Trump Just Ripped Up Federal Workers’ Union Contracts
Yesterday the Trump administration ordered 18 government agencies to terminate their collective bargaining agreements and cease union negotiations. The move could strip hundreds of thousands of federal workers of their union protections.

President Donald Trump speaks to the press before signing an executive order in the Oval Office of the White House on March 26, 2025. (Win McNamee / Getty Images)
President Donald Trump has taken significant steps to limit union rights for many federal workers through a new executive order. The Office of Personnel Management (OPM) announced Thursday that Trump’s order instructs numerous government agencies to terminate their collective bargaining agreements and cease union negotiations, potentially stripping hundreds of thousands of federal employees of union representation.
A White House fact sheet accompanying the order states that the Civil Service Reform Act of 1978, which allowed government workers to unionize, “enables hostile Federal unions to obstruct agency management.”
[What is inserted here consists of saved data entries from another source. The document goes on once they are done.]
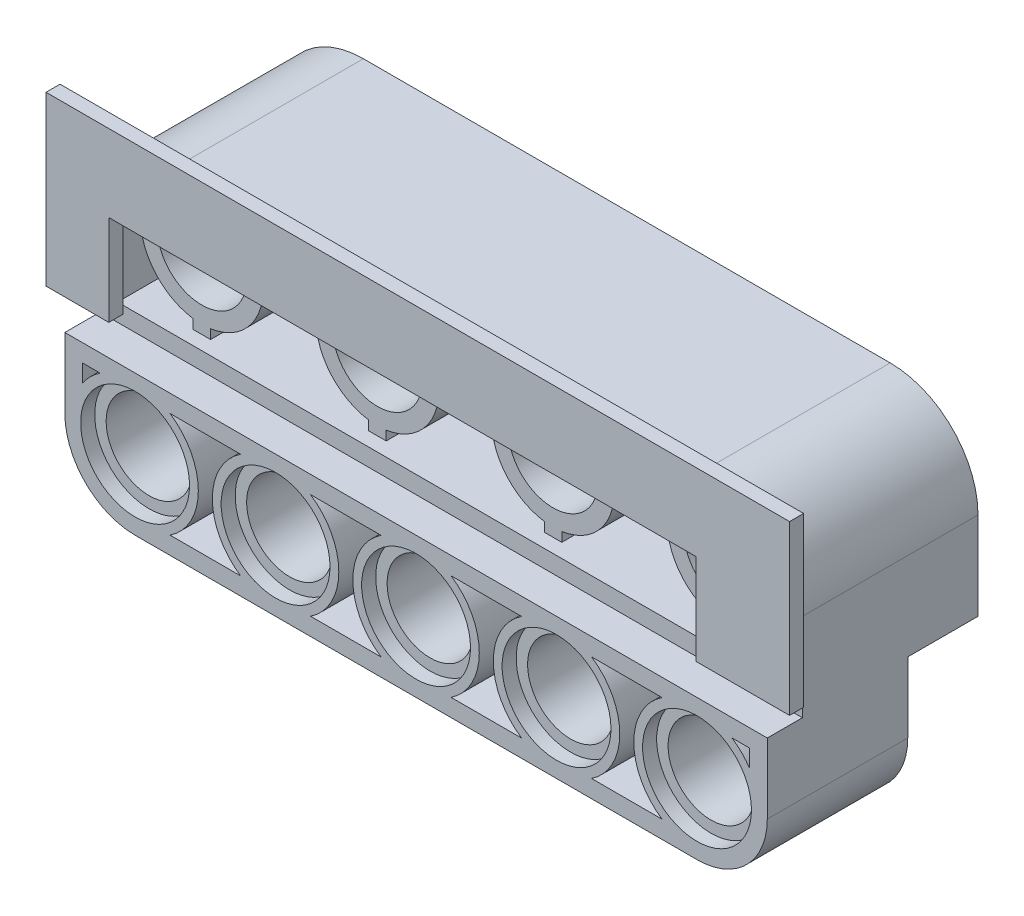
SolidWorks part; units mm, degrees
ref_plane "Front Plane" through (0, 0, 0) normal (0, 0, 1) x (1, 0, 0)
ref_plane "Top Plane" through (0, 0, 0) normal (0, 1, 0) x (1, 0, 0)
ref_plane "Right Plane" through (0, 0, 0) normal (1, 0, 0) x (0, 0, -1)
sketch "Sketch1" plane through (0, 0, 0) normal (1, 0, 0) x (0, 0, -1)
  line L0 (-5, -5) -> (-5, -13)
  line L1 (5, 5) -> (-5, 5)
  line L2 (5, 5) -> (5, -5)
  line L3 (5, -5) -> (-5, -5)
  line L4 (-5, 5) -> (-5, -5)
  line L5 (5, 5) -> (-5, -5) construction
  line L6 (5, -5) -> (-5, 5) construction
  line L7 (-5, -13) -> (3, -13)
  line L8 (3, -13) -> (3, -5)
  point P0 (0, 0)
  dimension "D1" = 10
  dimension "D2" = 10
  dimension "D3" = 8
  dimension "D4" = 8
extrude "Boss-Extrude1" add sketch "Sketch1" along normal blind 40 contours L1 L4 L3 L2 | L7 L8 L3 L0 region at (0, -9, 1) region at (0, 0, 0)
sketch "Sketch2" plane through (0, 0, -5) normal (0, 0, -1) x (-1, 0, 0)
  line L0 (-40, 0) -> (0, 0) construction
  line L1 (-40, 5) -> (-40, -5) construction
  line L2 (0, 5) -> (0, -5) construction
  line L3 (-35, 0) -> (-35, -7.7251) construction
  line L4 (-35, -7.7251) -> (-25, -7.7251) construction
  line L5 (-25, -7.7251) -> (-25, 0) construction
  line L6 (-25, 0) -> (-25, 7.4414) construction
  line L7 (-25, 7.4414) -> (-15, 7.4414) construction
  line L8 (-15, 7.4414) -> (-15, 0) construction
  line L9 (-15, 0) -> (-15, -7.7251) construction
  line L10 (-15, -7.7251) -> (-5, -7.7251) construction
  line L11 (-5, -7.7251) -> (-5, 0) construction
  circle A0 centre (-35, 0) radius 2.5
  circle A1 centre (-25, 0) radius 2.5
  circle A2 centre (-15, 0) radius 2.5
  circle A3 centre (-5, 0) radius 2.5
  dimension "D2" = 5
  dimension "D1" = 5
  dimension "D3" = 10
extrude "Cut-Extrude1" cut sketch "Sketch2" against normal through all
sketch "Sketch3" plane through (0, 0, -3) normal (0, 0, -1) x (-1, 0, 0)
  line L0 (-40, -9) -> (0, -9) construction
  line L1 (-40, -13) -> (-40, -5) construction
  line L2 (0, -13) -> (0, -5) construction
  line L3 (-40, -13) -> (0, -13) construction
  circle A0 centre (-36, -9) radius 2.4
  circle A1 centre (-28, -9) radius 2.4
  circle A2 centre (-20, -9) radius 2.4
  circle A3 centre (-12, -9) radius 2.4
  circle A4 centre (-4, -9) radius 2.4
  circle A5 centre (-36, -9) radius 4 construction
  circle A6 centre (-4, -9) radius 4 construction
  dimension "D1" = 4.8
  dimension "D2" = 8
  dimension "D3" = 8
  dimension "D4" = 8
  dimension "D5" = 8
extrude "Cut-Extrude2" cut sketch "Sketch3" against normal through all
fillet "Fillet1" radius 5 2 edges at (0, 5, 0) (40, 5, 0)
fillet "Fillet2" radius 4 2 edges at (0, -13, 1) (40, -13, 1)
sketch "Sketch4" plane through (0, 0, -3) normal (0, 0, -1) x (-1, 0, 0)
  circle A0 centre (-36, -9) radius 3.1
  circle A1 centre (-28, -9) radius 3.1
  circle A2 centre (-20, -9) radius 3.1
  circle A3 centre (-12, -9) radius 3.1
  circle A4 centre (-4, -9) radius 3.1
  dimension "D1" = 6.2
  dimension "D3" = 8
  dimension "D2" = 5
extrude "Cut-Extrude3" cut sketch "Sketch4" against normal blind 0.8
sketch "Sketch5" plane through (0, 0, 5) normal (0, 0, 1) x (1, 0, 0)
  circle A1 centre (4, -9) radius 3.1
  circle A2 centre (4, -9) radius 3.1
  circle A3 centre (12, -9) radius 3.1
  circle A4 centre (12, -9) radius 3.1
  circle A5 centre (20, -9) radius 3.1
  circle A6 centre (20, -9) radius 3.1
  circle A7 centre (28, -9) radius 3.1
  circle A8 centre (28, -9) radius 3.1
  circle A9 centre (36, -9) radius 3.1
  circle A10 centre (36, -9) radius 3.1
  dimension "D1" = 0
  dimension "D2" = 0
  dimension "D3" = 0
  dimension "D4" = 0
  dimension "D5" = 0
extrude "Cut-Extrude4" cut sketch "Sketch5" against normal blind 0.8
sketch "Sketch6" plane through (0, 0, -5) normal (0, 0, -1) x (-1, 0, 0)
  circle A2 centre (-25, 0) radius 3.5
  circle A3 centre (-35, 0) radius 3.5
  circle A4 centre (-35, 0) radius 3.5
  circle A5 centre (-15, 0) radius 3.5
  circle A6 centre (-5, 0) radius 3.5
  dimension "D1" = 1
  dimension "D3" = 10
  dimension "D2" = 4
extrude "Cut-Extrude5" cut sketch "Sketch6" against normal blind 0.8
sketch "Sketch7" plane through (0, 0, 5) normal (0, 0, 1) x (1, 0, 0)
  circle A1 centre (5, 0) radius 3.5
  circle A2 centre (5, 0) radius 3.5
  circle A3 centre (15, 0) radius 3.5
  circle A4 centre (15, 0) radius 3.5
  circle A5 centre (35, 0) radius 3.5
  circle A6 centre (35, 0) radius 3.5
  circle A7 centre (25, 0) radius 3.5
  circle A8 centre (25, 0) radius 3.5
  dimension "D1" = 0
  dimension "D2" = 0
  dimension "D3" = 0
  dimension "D4" = 0
extrude "Cut-Extrude6" cut sketch "Sketch7" against normal blind 0.8
sketch "Sketch8" plane through (0, 0, -5) normal (0, 0, -1) x (-1, 0, 0)
  line L1 (-5, 4) -> (-35, 4)
  line L2 (-39, 0) -> (-39, -4)
  line L3 (-39, -4) -> (-1, -4)
  line L4 (-1, -4) -> (-1, 0)
  line L5 (0, -5) -> (0, 0)
  line L6 (-5, 5) -> (-35, 5)
  line L7 (-40, 0) -> (-40, -5)
  line L8 (-40, -5) -> (0, -5)
  line L9 (0, -5) -> (0, 0)
  line L10 (-5, 5) -> (-35, 5)
  line L11 (-40, 0) -> (-40, -5)
  line L12 (-40, -5) -> (0, -5)
  arc A0 (-35, 4) -> (-39, 0) centre (-35, 0) ccw
  arc A1 (-1, 0) -> (-5, 4) centre (-5, 0) ccw
  arc A2 (0, 0) -> (-5, 5) centre (-5, 0) ccw
  arc A3 (-35, 5) -> (-40, 0) centre (-35, 0) ccw
  arc A4 (0, 0) -> (-5, 5) centre (-5, 0) ccw
  arc A5 (-35, 5) -> (-40, 0) centre (-35, 0) ccw
  circle A6 centre (-5, 0) radius 3.5 construction
  circle A7 centre (-15, 0) radius 3.5 construction
  circle A8 centre (-25, 0) radius 3.5 construction
  circle A9 centre (-35, 0) radius 3.5 construction
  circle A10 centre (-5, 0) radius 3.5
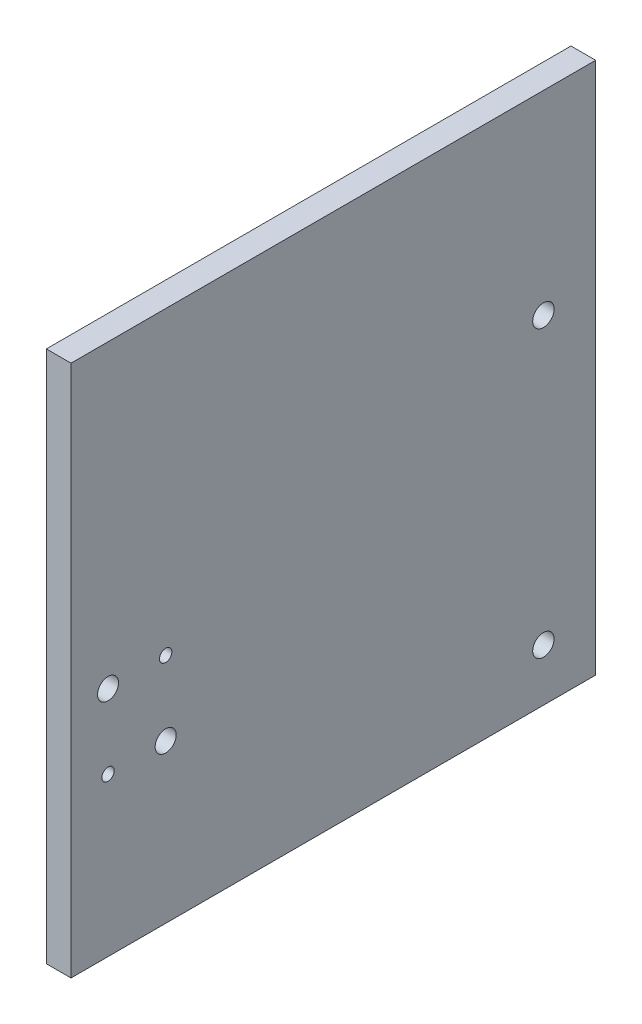
SolidWorks part; units mm, degrees
ref_plane "Front Plane" through (0, 0, 0) normal (1, 0, 0) x (0, 1, 0)
ref_plane "Top Plane" through (0, 0, 0) normal (0, 0, 1) x (0, 1, 0)
ref_plane "Right Plane" through (0, 0, 0) normal (0, 1, 0) x (-1, 0, 0)
sketch "Sketch1" plane through (0, 0, 0) normal (1, 0, 0) x (0, 1, 0)
  line L0 (0, 25) -> (0, -25) construction
  line L1 (-47.4, -25) -> (47.4, -25) construction
  line L2 (-47.4, -25) -> (-47.4, 25) construction
  line L3 (-47.4, 25) -> (47.4, 25) construction
  line L4 (47.4, -25) -> (47.4, 25) construction
  line L5 (-47.4, -25) -> (47.4, 25) construction
  line L6 (-47.4, 25) -> (47.4, -25) construction
  line L7 (-47.4, 16) -> (47.4, 16)
  line L8 (-9, -7) -> (9, -7) construction
  line L9 (-9, -7) -> (-9, 7) construction
  line L10 (-9, 7) -> (9, 7) construction
  line L11 (9, -7) -> (9, 7) construction
  line L12 (-9, -7) -> (9, 7) construction
  line L13 (-9, 7) -> (9, -7) construction
  line L14 (-34.7, -15) -> (34.7, -15) construction
  line L15 (-34.7, -15) -> (-34.7, 15) construction
  line L16 (-34.7, 15) -> (34.7, 15) construction
  line L17 (34.7, -15) -> (34.7, 15) construction
  line L18 (-34.7, -15) -> (34.7, 15) construction
  line L19 (-34.7, 15) -> (34.7, -15) construction
  line L20 (-47.4, -25) -> (47.4, -25) construction
  line L21 (-47.4, -25) -> (-47.4, -111.5)
  line L22 (-47.4, -111.5) -> (47.4, -111.5)
  line L23 (47.4, -25) -> (47.4, -111.5) construction
  line L24 (-47.4, -111.5) -> (-34.7, -111.5) construction
  line L25 (-47.4, -111.5) -> (-47.4, -98.8) construction
  line L26 (-47.4, -98.8) -> (-34.7, -98.8) construction
  line L27 (-34.7, -111.5) -> (-34.7, -98.8) construction
  line L28 (47.4, -111.5) -> (34.7, -111.5) construction
  line L29 (47.4, -111.5) -> (47.4, -98.8) construction
  line L30 (47.4, -98.8) -> (34.7, -98.8) construction
  line L31 (34.7, -111.5) -> (34.7, -98.8) construction
  line L32 (47.4, -25) -> (47.4, 16) construction
  line L33 (-47.4, 16) -> (-47.4, -25)
  line L35 (47.4, 16) -> (82, 16)
  line L36 (47.4, 16) -> (47.4, -111.5) construction
  line L37 (47.4, -111.5) -> (82, -111.5)
  line L38 (82, 16) -> (82, -111.5)
  circle A0 centre (-9, 7) radius 1.5
  circle A1 centre (-9, -7) radius 2.555
  circle A2 centre (9, -7) radius 1.5
  circle A3 centre (9, 7) radius 2.555
  circle A4 centre (-34.7, 15) radius 2.555 construction
  circle A5 centre (-34.7, -15) radius 2.555 construction
  circle A6 centre (34.7, 15) radius 2.555 construction
  circle A7 centre (34.7, -15) radius 2.555 construction
  circle A8 centre (-34.7, -98.8) radius 2.6
  circle A9 centre (34.7, -98.8) radius 2.6
  point P0 (0, 0)
  point P8 (0, 0)
  point P17 (0, 0)
  dimension "D5" = 5.11
  dimension "D6" = 3
  dimension "D9" = 5.11
  dimension "D10" = 5.11
  dimension "D11" = 5.11
  dimension "D12" = 3
  dimension "D13" = 3
  dimension "D17" = 5.2
  dimension "D18" = 9
  dimension "D1" = 14
  dimension "D2" = 18
  dimension "D3" = 94.8
  dimension "D4" = 50
  dimension "D7" = 12.7
  dimension "D8" = 30
  dimension "D14" = 86.5
  dimension "D15" = 12.7
  dimension "D16" = 12.7
  dimension "D19" = 34.6
extrude "Boss-Extrude1" add sketch "Sketch1" along normal blind 6
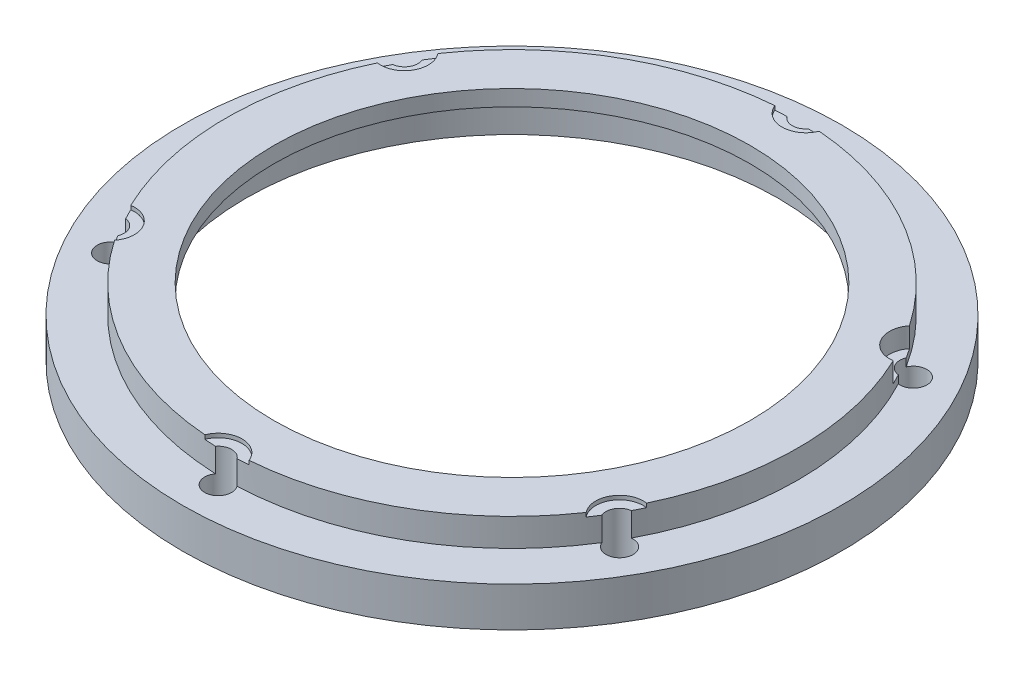
SolidWorks part; units mm, degrees
ref_plane "前视基准面" through (0, 0, 0) normal (0, 0, 1) x (1, 0, 0)
ref_plane "上视基准面" through (0, 0, 0) normal (0, 1, 0) x (1, 0, 0)
ref_plane "右视基准面" through (0, 0, 0) normal (1, 0, 0) x (0, 0, -1)
sketch "草图2" plane through (0, 0, 0) normal (1, 0, 0) x (0, 0, -1)
  line L9 (-30, 0) -> (-30, 2)
  line L10 (-30, 2) -> (-36, 2)
  line L11 (-30, 0) -> (-33.5, 0)
  line L12 (-33.5, 0) -> (-33.5, -5.5)
  line L13 (-33.5, -5.5) -> (-35, -5.5)
  line L14 (-35, -5.5) -> (-35, -6.5)
  line L15 (-35, -6.5) -> (-41.5, -6.5)
  line L16 (-36, 2) -> (-36, -1.5)
  line L17 (-36, -1.5) -> (-41.5, -1.5)
  line L18 (-41.5, -1.5) -> (-41.5, -6.5)
ref_axis "基准轴1" through (0, 0, 0) along (0, 1, 0)
revolve "旋转1" add sketch "草图2" angle 360 about axis through (0, 0, 0) along (0, 1, 0)
sketch "草图3" plane through (0, -1.5, 0) normal (0, 1, 0) x (1, 0, 0)
  circle A0 centre (0, 37) radius 1.7
  circle A1 centre (32.0429, 18.5) radius 1.7
  circle A2 centre (32.0429, -18.5) radius 1.7
  circle A3 centre (0, -37) radius 1.7
  circle A4 centre (-32.0429, -18.5) radius 1.7
  circle A5 centre (-32.0429, 18.5) radius 1.7
  point P16 (0, 0)
  dimension "D1" = 6
extrude "切除-拉伸1" cut sketch "草图3" against normal blind 10 and the other way up to next
sketch "草图4" plane through (0, -1.5, 0) normal (0, 1, 0) x (1, 0, 0)
  circle A0 centre (0, 37) radius 3
  circle A1 centre (32.0429, 18.5) radius 3
  circle A2 centre (32.0429, -18.5) radius 3
  circle A3 centre (0, -37) radius 3
  circle A4 centre (-32.0429, -18.5) radius 3
  circle A5 centre (-32.0429, 18.5) radius 3
  point P16 (0, 0)
  dimension "D1" = 6
extrude "切除-拉伸2" cut sketch "草图4" along normal blind 3 from offset 3
sketch "草图7" plane through (0, -1.5, 0) normal (0, 1, 0) x (1, 0, 0)
  circle A0 centre (32.0429, 18.5) radius 3
extrude "切除-拉伸3" cut sketch "草图7" along normal blind 10
sketch "草图8" plane through (0, -1.5, 0) normal (0, 1, 0) x (1, 0, 0)
  arc A1 (29.6894, 20.3603) -> (32.4772, 15.5316) centre (0, 0) cw
  arc A2 (29.6894, 20.3603) -> (32.4772, 15.5316) centre (32.0429, 18.5) ccw
  arc A3 (32.4772, -15.5316) -> (32.4772, 15.5316) centre (0, 0) ccw construction
  circle M2 centre (32.0429, 18.5) radius 1.7
  arc M4 (29.6894, 20.3603) -> (32.4772, 15.5316) centre (32.0429, 18.5) ccw
extrude "凸台-拉伸1" add sketch "草图8" along normal blind 1 contours A1 M4 M2 region at (30.3467, -1.5, -17.5207)
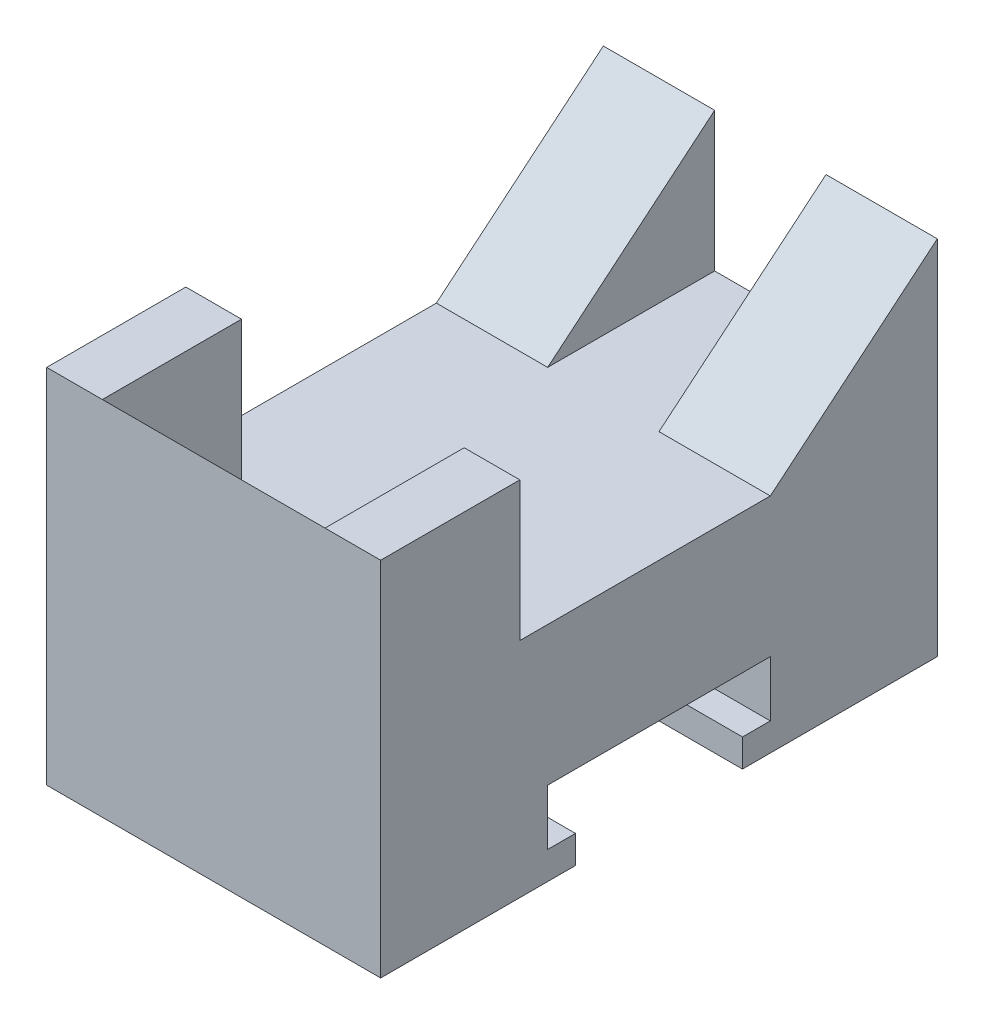
SolidWorks part; units mm, degrees
ref_plane "Front Plane" through (0, 0, 0) normal (0, 0, 1) x (1, 0, 0)
ref_plane "Top Plane" through (0, 0, 0) normal (0, 1, 0) x (1, 0, 0)
ref_plane "Right Plane" through (0, 0, 0) normal (1, 0, 0) x (0, 0, -1)
sketch "Sketch1" plane through (0, 0, 0) normal (1, 0, 0) x (0, 0, -1)
  line L0 (0, 0) -> (-175, 0)
  line L1 (-175, 0) -> (-175, 25)
  line L2 (-175, 25) -> (-150, 25)
  line L3 (-150, 25) -> (-150, 75)
  line L4 (-150, 75) -> (-350, 75)
  line L5 (-350, 75) -> (-350, 25)
  line L6 (-350, 25) -> (-325, 25)
  line L7 (-325, 25) -> (-325, 0)
  line L8 (-325, 0) -> (-500, 0)
  line L9 (-500, 0) -> (-500, 325)
  line L10 (-500, 325) -> (-375, 200)
  line L11 (-375, 200) -> (-150, 200)
  line L12 (-150, 200) -> (0, 325)
  line L13 (0, 325) -> (0, 0)
  point P15 (-375, 203.9256)
  point P16 (-325, 12.5)
  dimension "D1" = 500
  dimension "D2" = 350
  dimension "D3" = 175
  dimension "D4" = 150
  dimension "D5" = 150
  dimension "D6" = 75
  dimension "D7" = 25
  dimension "D9" = 325
  dimension "D10" = 200
  dimension "D11" = 225
  dimension "D12" = 45
extrude "Boss-Extrude1" add sketch "Sketch1" along normal blind 150 and the other way blind 150
sketch "Sketch3" plane through (0, 200, 0) normal (0, 1, 0) x (1, 0, 0)
  line L0 (150, -375) -> (150, -500)
  line L1 (150, -500) -> (100, -500)
  line L2 (-150, -500) -> (150, -500) construction
  line L3 (100, -500) -> (100, -375)
  line L4 (-150, -375) -> (150, -375) construction
  line L5 (100, -375) -> (150, -375)
  line L6 (0, -500) -> (0, -375) construction
  line L7 (-150, -500) -> (-100, -500)
  line L8 (-150, -375) -> (-150, -500)
  line L9 (-100, -375) -> (-150, -375)
  line L10 (-100, -500) -> (-100, -375)
  dimension "D1" = 50
extrude "Boss-Extrude2" add sketch "Sketch3" along normal blind 125
sketch "Sketch4" plane through (0, 0, 0) normal (0, 0, -1) x (-1, 0, 0)
  line L0 (0, 325) -> (0, 0) construction
  line L1 (150, 325) -> (-150, 325) construction
  line L2 (50, 325) -> (-50, 325)
  line L3 (-50, 325) -> (-50, 200)
  line L4 (-50, 200) -> (50, 200)
  line L5 (50, 325) -> (50, 200)
  point P9 (0, 200)
  dimension "D1" = 50
  dimension "D2" = 125
extrude "Cut-Extrude1" cut sketch "Sketch4" against normal blind 230

The administration is invoking an arcane provision in the Civil Service Reform Act claiming that collective bargaining rights can be terminated in instances where unions pose a national security threat. The administration’s sudden reliance on this never-before-used rule — coming at the crescendo of open conflict with federal employee unions — suggests the national security justification is merely a convenient pretext for a strong-arm tactic in a broader power struggle against the federal workforce.